I was going through opendope post: http://www.opendope.org/opendope_conventions_v2.3.html. I understand Component document inclusion via using the od:component tag in the sdt will have the document included in the target document. Doesn't it uses the altChunks internally? I get this understanding by looking at the fetchComponents method in the post [ http://www.docx4java.org/svn/docx4j/tru ... ndler.java ] and here sdt is been replaced by an altChunks.
If so, content controls probablyy wouldn't suffice what I am seeking.. i.e. ability to process the merged content (like adding comments in it) in the target document without opening in the word.

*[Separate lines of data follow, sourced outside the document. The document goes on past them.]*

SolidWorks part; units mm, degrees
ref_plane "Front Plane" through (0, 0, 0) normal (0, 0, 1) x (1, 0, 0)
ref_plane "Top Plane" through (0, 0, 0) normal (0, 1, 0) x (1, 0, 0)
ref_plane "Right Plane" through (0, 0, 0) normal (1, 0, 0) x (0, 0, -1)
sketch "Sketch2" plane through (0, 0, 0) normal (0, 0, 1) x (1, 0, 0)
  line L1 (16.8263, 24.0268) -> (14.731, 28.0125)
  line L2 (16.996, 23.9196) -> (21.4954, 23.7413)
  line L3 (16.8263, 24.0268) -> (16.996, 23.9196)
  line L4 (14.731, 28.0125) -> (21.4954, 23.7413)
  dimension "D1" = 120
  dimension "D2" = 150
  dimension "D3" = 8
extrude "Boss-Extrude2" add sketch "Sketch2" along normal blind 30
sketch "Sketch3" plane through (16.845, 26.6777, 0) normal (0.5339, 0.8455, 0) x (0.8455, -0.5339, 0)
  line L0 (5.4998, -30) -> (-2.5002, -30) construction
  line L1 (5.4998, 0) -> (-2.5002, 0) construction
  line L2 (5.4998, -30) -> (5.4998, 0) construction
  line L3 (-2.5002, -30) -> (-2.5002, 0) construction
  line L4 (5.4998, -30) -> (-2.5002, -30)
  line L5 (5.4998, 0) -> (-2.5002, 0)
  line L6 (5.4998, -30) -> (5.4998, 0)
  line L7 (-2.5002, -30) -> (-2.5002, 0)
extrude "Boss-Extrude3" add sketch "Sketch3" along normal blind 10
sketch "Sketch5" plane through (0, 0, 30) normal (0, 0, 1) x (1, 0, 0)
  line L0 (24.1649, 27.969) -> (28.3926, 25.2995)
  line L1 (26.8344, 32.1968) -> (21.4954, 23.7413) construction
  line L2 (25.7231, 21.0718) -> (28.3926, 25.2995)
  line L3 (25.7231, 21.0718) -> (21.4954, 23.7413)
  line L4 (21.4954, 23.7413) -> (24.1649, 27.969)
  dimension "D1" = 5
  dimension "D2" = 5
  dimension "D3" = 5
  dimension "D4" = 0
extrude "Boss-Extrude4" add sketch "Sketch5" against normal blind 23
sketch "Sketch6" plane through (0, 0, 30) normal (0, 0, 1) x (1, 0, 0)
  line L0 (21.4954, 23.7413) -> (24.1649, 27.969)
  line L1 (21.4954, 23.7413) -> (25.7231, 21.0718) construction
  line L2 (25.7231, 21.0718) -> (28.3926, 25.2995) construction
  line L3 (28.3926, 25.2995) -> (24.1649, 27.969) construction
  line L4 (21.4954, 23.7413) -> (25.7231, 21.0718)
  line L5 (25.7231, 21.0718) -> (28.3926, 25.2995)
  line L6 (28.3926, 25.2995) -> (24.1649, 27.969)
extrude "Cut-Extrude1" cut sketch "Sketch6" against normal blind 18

Does Docx4J can process(populate) sdt with component document without having to use the MergeDocx?

Can you let me know if my findings content controls are right from Document assembly standpoint? Please let me know If I am missing something.

Thanks.

Re: Document merging with Docx4j

PostPosted: Wed Jan 09, 2013 10:28 am
by jason
Yes, docx4j processing of od:component uses altChunks of type docx internally.

So, yes, for these to be replaced in the resulting docx, you need something capable of processing them. You can write your own processor, or as you know, you can use Word or MergeDocx. Either of these processors should handle comments correctly as well.

Maybe LibreOffice/OpenOffice can also process an altChunk of type docx? You could try that to see...

Re: Document merging with Docx4j

PostPosted: Tue Jan 22, 2013 9:28 am
by jason
Whether you use the OpenDoPE component model or not, I think content controls are the best foundation for what I understand you are trying to achieve.